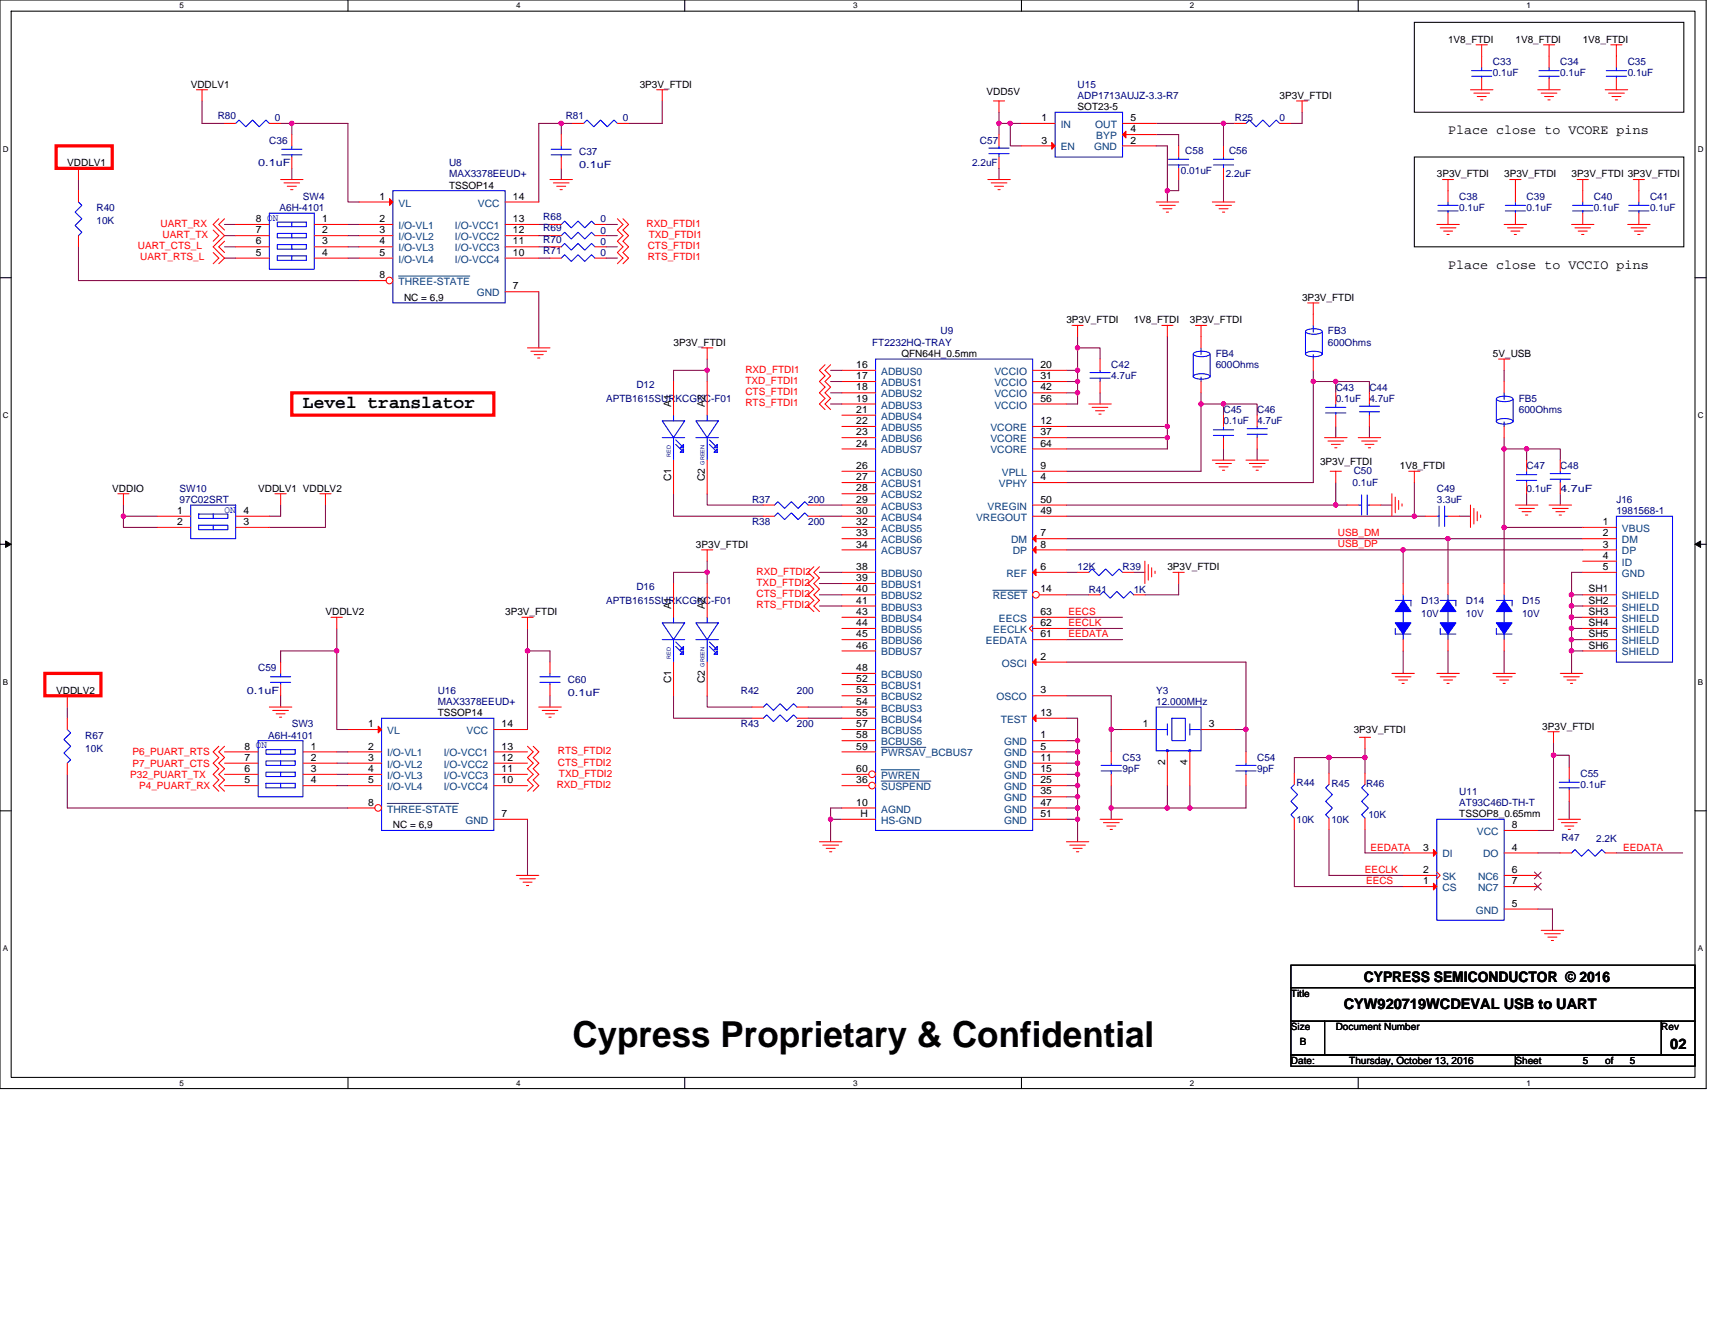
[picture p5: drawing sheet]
<svg xmlns="http://www.w3.org/2000/svg" width="279mm" height="216mm" viewBox="0 0 279 216" stroke-linecap="round" stroke-linejoin="round" font-family="sans-serif">
<path d="M0 0h278v177.4h-278zM1.8 1.8h274.3v173.8h-274.3z" fill="none" stroke="#000" stroke-width=".17"/>
<g fill="#fff">
<path d="M29.3 .2h.7v1.5h-.7z"/>
<path d="M29.3 175.7h.7v1.5h-.7z"/>
</g>
<path d="M56.7 0v1.8M56.7 175.6v1.8" fill="none" stroke="#000" stroke-width=".17"/>
<g fill="#fff">
<path d="M84.1 .2h.7v1.5h-.7z"/>
<path d="M84.1 175.7h.7v1.5h-.7z"/>
</g>
<path d="M111.5 0v1.8M111.5 175.6v1.8" fill="none" stroke="#000" stroke-width=".17"/>
<g fill="#fff">
<path d="M139 .2h.7v1.5h-.7z"/>
<path d="M139 175.7h.7v1.5h-.7z"/>
</g>
<path d="M166.4 0v1.8M166.4 175.6v1.8" fill="none" stroke="#000" stroke-width=".17"/>
<g fill="#fff">
<path d="M193.8 .2h.8v1.5h-.8z"/>
<path d="M193.8 175.7h.8v1.5h-.8z"/>
</g>
<path d="M221.3 0v1.8M221.3 175.6v1.8" fill="none" stroke="#000" stroke-width=".17"/>
<g fill="#fff">
<path d="M248.7 .2h.7v1.5h-.7z"/>
<path d="M248.7 175.7h.7v1.5h-.7z"/>
<path d="M.5 23.5h.9v1.5h-.9z"/>
<path d="M276.6 23.5h1v1.5h-1z"/>
<path d="M.5 67h.9v1.4h-.9z"/>
<path d="M276.6 67h1v1.4h-1z"/>
</g>
<path d="M0 45.3h1.8M276.1 45.3h1.9" fill="none" stroke="#000" stroke-width=".17"/>
<g fill="#fff">
<path d="M.5 110.4h.8v1.5h-.8z"/>
<path d="M276.6 110.4h.9v1.5h-.9z"/>
</g>
<path d="M0 88.7h1.8M276.1 88.7h1.9" fill="none" stroke="#000" stroke-width=".17"/>
<path d="M.9 88.2l.9 .5-.9 .5zM276.1 88.7l1-.5v1z" fill="#000" stroke="#000" stroke-width=".16"/>
<g fill="#fff">
<path d="M.5 153.8h.8v1.5h-.8z"/>
<path d="M276.6 153.8h.9v1.5h-.9z"/>
</g>
<path d="M230.4 3.6h43.9v14.7h-43.9zM230.4 25.6h43.9v14.6h-43.9zM0 132.1h1.8M276.1 132.1h1.9M210.3 157.3h65.8v3.6h-65.8zM210.3 160.9h65.8v5.5h-65.8zM210.3 166.4h5.5v5.5h-5.5zM210.3 171.9h36.6v1.8h-36.6zM215.8 166.4h54.9v5.5h-54.9zM246.9 171.9h29.2v1.8h-29.2zM270.7 166.4h5.4v5.5h-5.4z" fill="none" stroke="#000" stroke-width=".17"/>
<path d="M9.1 23.8h9.2v3.6h-9.2zM47.5 64h33v3.6h-33zM7.3 109.7h9.1v3.7h-9.1z" fill="none" stroke="#f00" stroke-width=".53"/>
<g fill="none" stroke="#800040" stroke-width=".17">
<path d="M32.9 16.4v3.7h3.7M107.9 16.4v3.7h-5.5M162.8 18.3v1.8M212.1 18.3v1.8h-1.8M12.8 29.3v1.8M36.6 36.6h1.8M36.6 38.4h1.8M45.7 20.1h1.8M47.5 20.1v1.8M47.5 27.4v1.9M47.5 20.1h9.2v12.8h1.8M56.7 36.6h1.8"/>
<path d="M56.7 38.4h1.8M87.8 36.6h1.8M87.8 38.4h1.8M91.4 20.1h-3.6v12.8M91.4 20.1h1.9M91.4 20.1v1.8M91.4 27.4v1.9M98.7 36.6h1.9M98.7 38.4h1.9M162.8 20.1h1.8M162.8 20.1v1.8M162.8 27.4v1.9"/>
<path d="M164.6 20.1v3.7h1.8M164.6 20.1h1.8M188.4 23.8h1.8v7.3M188.4 21.9h3.6v1.9M188.4 20.1h10.9M190.2 31.1v1.8M192 29.3v1.8h-1.8M199.3 20.1h1.9M199.3 20.1v3.7M199.3 29.3v3.6M12.8 40.2v5.5h45.7M36.6 40.2h1.8"/>
<path d="M36.6 42.1h1.8M56.7 40.2h1.8M56.7 42.1h1.8M87.8 47.5v9.2M87.8 40.2h1.8M87.8 42.1h1.8M98.7 40.2h1.9M98.7 42.1h1.9M115.2 58.5v1.8M175.6 54.9v1.8M175.6 56.7v3.6M175.6 56.7h3.6v1.8"/>
<path d="M190.2 54.9v14.6M115.2 60.3v1.9M115.2 60.3h-5.5v1.9M135.3 60.3h1.9M135.3 62.2h1.9M135.3 64h1.9M135.3 65.8h1.9M173.7 71.3h16.5M173.7 62.2h1.9M173.7 60.3h1.9M173.7 64h1.9M173.7 69.5h16.5"/>
<path d="M175.6 60.3v1.9M175.6 62.2v1.8M175.6 64v1.8h-1.9M179.2 64v1.8M190.2 69.5v1.8M190.2 71.3v1.9h-16.5M195.7 64v1.8M195.7 65.8v11h-22M195.7 65.8h3.6M199.3 65.8v1.8M199.3 65.8h5.5v1.8M199.3 73.2v1.8"/>
<path d="M204.8 73.2v1.8M214 60.3v1.9M214 62.2v16.4h-40.3M214 62.2h3.6M217.6 69.5v1.8M217.6 62.2v1.8M217.6 78.6v3.7M217.6 62.2h5.5v1.8M223.1 69.5v1.8M230.4 78.6v5.5M245 71.3v1.9M245 60.3v1.9"/>
<path d="M245 73.2v12.7M245 73.2h3.7v1.8M248.7 73.2h5.5v1.8M20.1 82.3v1.8M20.1 84.1v1.8h5.5M20.1 84.1h5.5M45.7 82.3v1.8h-1.8M53 82.3v3.6h-9.1M109.7 80.5v3.6h14.7M115.2 80.5v1.8h9.2M115.2 91.4v1.9M115.2 93.3h-5.5v1.8"/>
<path d="M115.2 93.3v1.8M133.5 93.3h3.7M133.5 95.1h3.7M133.5 96.9h3.7M133.5 98.7h3.7M133.5 82.3h3.7M133.5 84.1h3.7M173.7 84.1h56.7M173.7 89.6h54.9M173.7 87.8h62.2M173.7 93.3h1.9M173.7 96.9h3.7"/>
<path d="M173.7 82.3h43.9M184.7 93.3h1.8M192 95.1v1.8h-5.5M217.6 82.3h1.9M224.9 82.3h1.9M228.6 89.6h29.3M228.6 89.6v5.5M230.4 84.1h1.8M235.9 87.8v7.3M235.9 87.8h22M237.7 84.1h1.9M245 85.9h12.9"/>
<path d="M245 85.9v9.2M248.7 80.5v1.8M254.2 80.5v1.8M256 96.9h1.9M256 98.7h1.9M256 96.9v1.8M256 98.7v1.9M257.9 93.3h-1.9v3.6M11 115.2v1.8M45.7 113.4v1.8M54.9 106.1v12.8h1.8M54.9 106.1h-9.2v1.8"/>
<path d="M54.9 102.4v3.7M85.9 106.1v12.8M85.9 102.4v3.7M85.9 106.1h3.7v1.8M89.6 113.4v1.8M109.7 113.4v3.6h12.8M115.2 113.4v1.8h7.3M131.7 115.2h5.5M131.7 117h5.5M173.7 107.9h29.3v11M173.7 113.4h7.3v5.5M173.7 117h1.9v3.7"/>
<path d="M173.7 100.6h9.2M173.7 102.4h9.2M173.7 104.2h9.2M181 118.9h1.9M181 118.9v3.6M201.2 118.9h1.8M203 118.9v3.6M228.6 106.1v3.6M235.9 106.1v3.6M245 106.1v3.6M256 100.6h1.9M256 102.4h1.9"/>
<path d="M256 104.2h1.9M256 106.1h1.9M256 100.6v1.8M256 102.4v1.8M256 104.2v1.9M256 106.1v3.6M11 126.2v5.5h45.7M54.9 122.5h1.8M54.9 124.4h1.8M54.9 126.2h1.8M54.9 128h1.8M85.9 133.5v9.1"/>
<path d="M135.3 133.5v3.7M135.3 133.5h1.9M137.2 131.7h-1.9v1.8M173.7 120.7h1.9M173.7 122.5h1.9M173.7 124.4h1.9M173.7 126.2h1.9M173.7 128h1.9M173.7 129.8h1.9M173.7 131.7h1.9M173.7 133.5h1.9M175.6 120.7v1.8"/>
<path d="M175.6 122.5v1.9M175.6 124.4v1.8M175.6 126.2v1.8M175.6 128v1.8M175.6 129.8v1.9M175.6 131.7v1.8M175.6 133.5v3.7M181 131.7v1.8M181 131.7h9.2M181 128v3.7M190.2 131.7h3.6M190.2 128v3.7"/>
<path d="M193.8 128v3.7M203 128v3.7h-9.2M210.9 135.1v9.4h17.7M216.5 123.4h5.9M216.5 135.1v7.5h12.1M216.5 123.4v2.6M216.5 123.4h-5.6v2.6M222.4 135.1v3.9h6.2M222.4 122v1.4M222.4 123.4v2.6M250.5 139h3.7M253.1 121.1v2"/>
<path d="M253.1 123.1v12.2h-2.6M253.1 123.1h2.6v2M255.7 130.6v2.9M263.3 139h10.8M250.5 148.1h2.4v3.5"/>
</g>
<g fill="#f0f" stroke="#f0f" stroke-width=".17">
<circle cx="135.3" cy="133.5" r=".35"/>
<circle cx="175.5" cy="120.7" r=".35"/>
<circle cx="175.5" cy="122.5" r=".36"/>
<circle cx="175.5" cy="124.3" r=".35"/>
<circle cx="175.5" cy="126.2" r=".35"/>
<circle cx="175.5" cy="128" r=".36"/>
<circle cx="175.5" cy="129.8" r=".35"/>
<circle cx="175.5" cy="131.7" r=".36"/>
<circle cx="175.5" cy="133.5" r=".35"/>
<circle cx="203" cy="118.8" r=".36"/>
<circle cx="181" cy="118.8" r=".36"/>
<circle cx="190.2" cy="131.7" r=".36"/>
<circle cx="181" cy="131.7" r=".36"/>
<circle cx="193.8" cy="131.7" r=".36"/>
<circle cx="175.5" cy="56.7" r=".35"/>
<circle cx="175.5" cy="62.2" r=".35"/>
<circle cx="175.5" cy="60.3" r=".35"/>
<circle cx="175.5" cy="64" r=".36"/>
<circle cx="190.2" cy="69.5" r=".35"/>
<circle cx="190.2" cy="71.3" r=".35"/>
<circle cx="199.3" cy="65.8" r=".35"/>
<circle cx="195.7" cy="65.8" r=".36"/>
<circle cx="217.6" cy="62.2" r=".35"/>
<circle cx="214" cy="62.2" r=".36"/>
<circle cx="217.6" cy="82.3" r=".36"/>
<circle cx="230.4" cy="84.1" r=".35"/>
<circle cx="228.6" cy="89.6" r=".36"/>
<circle cx="235.9" cy="87.8" r=".35"/>
<circle cx="245" cy="85.9" r=".36"/>
<circle cx="256" cy="96.9" r=".36"/>
<circle cx="256" cy="98.7" r=".36"/>
<circle cx="256" cy="102.4" r=".36"/>
<circle cx="256" cy="100.6" r=".36"/>
<circle cx="256" cy="104.2" r=".36"/>
<circle cx="256" cy="106.1" r=".36"/>
<circle cx="245" cy="73.1" r=".36"/>
<circle cx="248.7" cy="73.1" r=".36"/>
<circle cx="115.2" cy="93.2" r=".35"/>
<circle cx="115.2" cy="60.3" r=".35"/>
<circle cx="253.1" cy="123.1" r=".36"/>
<circle cx="222.4" cy="123.4" r=".36"/>
<circle cx="216.5" cy="123.4" r=".36"/>
<circle cx="190.2" cy="31.1" r=".36"/>
<circle cx="164.6" cy="20.1" r=".36"/>
<circle cx="162.7" cy="20.1" r=".35"/>
<circle cx="199.3" cy="20.1" r=".35"/>
<circle cx="85.9" cy="106.1" r=".36"/>
<circle cx="54.8" cy="106.1" r=".36"/>
<circle cx="47.5" cy="20.1" r=".35"/>
<circle cx="91.4" cy="20.1" r=".36"/>
<circle cx="20.1" cy="84.1" r=".35"/>
</g>
<g fill="none" stroke="#f00" stroke-width=".17">
<path d="M32 14.6h1.8M32.9 14.6v1.8M107 14.6h1.8M107.9 14.6v1.8M161.8 16.4h1.9M162.8 16.4v1.9M211.2 16.4h1.8M212.1 16.4v1.9M239.6 14.6h3.6M240.1 15.2h2.6M240.5 7.3h1.8M240.7 15.7h1.4"/>
<path d="M241.2 16.3h.4M241.4 7.3v1.8M250.5 14.6h3.7M251.1 15.2h2.5M251.5 7.3h1.8M251.6 15.7h1.5M252.2 16.3h.3M252.4 7.3v1.8M261.5 14.6h3.7M262.1 15.2h2.5M262.4 7.3h1.8M262.6 15.7h1.5"/>
<path d="M263.2 16.3h.3M263.3 7.3v1.8M11.9 27.4h1.8M12.8 31.1v1.8M12.8 38.4v1.8M12.8 27.4v1.9M34.7 37.5l.9 .9-.9 .9M35.6 35.6l-.9 1 1.9 1.8-1.9 1.8 1.9 1.9-1 .9M36.6 20.1h1.8M36.6 35.6l-1 1 1 .9M36.6 39.3l-1 .9 1 .9M43.9 20.1h1.8"/>
<path d="M45.7 29.3h3.7M46.3 29.8h2.5M46.8 30.4h1.5M47.3 30.9h.4M58.5 38.4h5.5M58.5 36.6h5.5M58.5 32.9h5.5M82.3 32.9h5.5M82.3 36.6h5.5M82.3 38.4h5.5M89.6 29.3h3.7M90.1 29.8h2.6"/>
<path d="M90.7 30.4h1.5M91.2 30.9h.4M100.6 35.6l.9 1-.9 .9 .9 .9-.9 .9 .9 .9-.9 .9 .9 1-.9 .9M101.5 35.6l.9 1-.9 .9 .9 .9-.9 .9 .9 .9-.9 .9 .9 1-.9 .9M160.9 29.3h3.7M161.5 29.8h2.5M162 30.4h1.5M162.6 30.9h.3M162.8 21.9v1.9M162.8 25.6v1.8M188.4 32.9h3.6M188.9 33.5h2.6"/>
<path d="M189.5 34h1.4M190 34.6h.4M197.5 32.9h3.7M198.1 33.5h2.5M198.6 34h1.5M199.2 34.6h.3M234.1 36.6h3.6M234.6 37.1h2.6M235 29.3h1.8M235.2 37.7h1.4M235.7 38.2h.4M235.9 29.3v1.8"/>
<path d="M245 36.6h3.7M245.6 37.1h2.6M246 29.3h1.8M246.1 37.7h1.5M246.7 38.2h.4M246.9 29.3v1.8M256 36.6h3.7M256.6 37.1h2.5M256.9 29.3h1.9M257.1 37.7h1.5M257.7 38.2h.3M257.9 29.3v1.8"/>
_ _ _ _ _ _ _
▶ _What you need to do_
Above are the entries; copy out every line among them that contains the word "none".

▶ _Task solution_
<path d="M0 0h278v177.4h-278zM1.8 1.8h274.3v173.8h-274.3z" fill="none" stroke="#000" stroke-width=".17"/>
<path d="M56.7 0v1.8M56.7 175.6v1.8" fill="none" stroke="#000" stroke-width=".17"/>
<path d="M111.5 0v1.8M111.5 175.6v1.8" fill="none" stroke="#000" stroke-width=".17"/>
<path d="M166.4 0v1.8M166.4 175.6v1.8" fill="none" stroke="#000" stroke-width=".17"/>
<path d="M221.3 0v1.8M221.3 175.6v1.8" fill="none" stroke="#000" stroke-width=".17"/>
<path d="M0 45.3h1.8M276.1 45.3h1.9" fill="none" stroke="#000" stroke-width=".17"/>
<path d="M0 88.7h1.8M276.1 88.7h1.9" fill="none" stroke="#000" stroke-width=".17"/>
<path d="M230.4 3.6h43.9v14.7h-43.9zM230.4 25.6h43.9v14.6h-43.9zM0 132.1h1.8M276.1 132.1h1.9M210.3 157.3h65.8v3.6h-65.8zM210.3 160.9h65.8v5.5h-65.8zM210.3 166.4h5.5v5.5h-5.5zM210.3 171.9h36.6v1.8h-36.6zM215.8 166.4h54.9v5.5h-54.9zM246.9 171.9h29.2v1.8h-29.2zM270.7 166.4h5.4v5.5h-5.4z" fill="none" stroke="#000" stroke-width=".17"/>
<path d="M9.1 23.8h9.2v3.6h-9.2zM47.5 64h33v3.6h-33zM7.3 109.7h9.1v3.7h-9.1z" fill="none" stroke="#f00" stroke-width=".53"/>
<g fill="none" stroke="#800040" stroke-width=".17">
<g fill="none" stroke="#f00" stroke-width=".17">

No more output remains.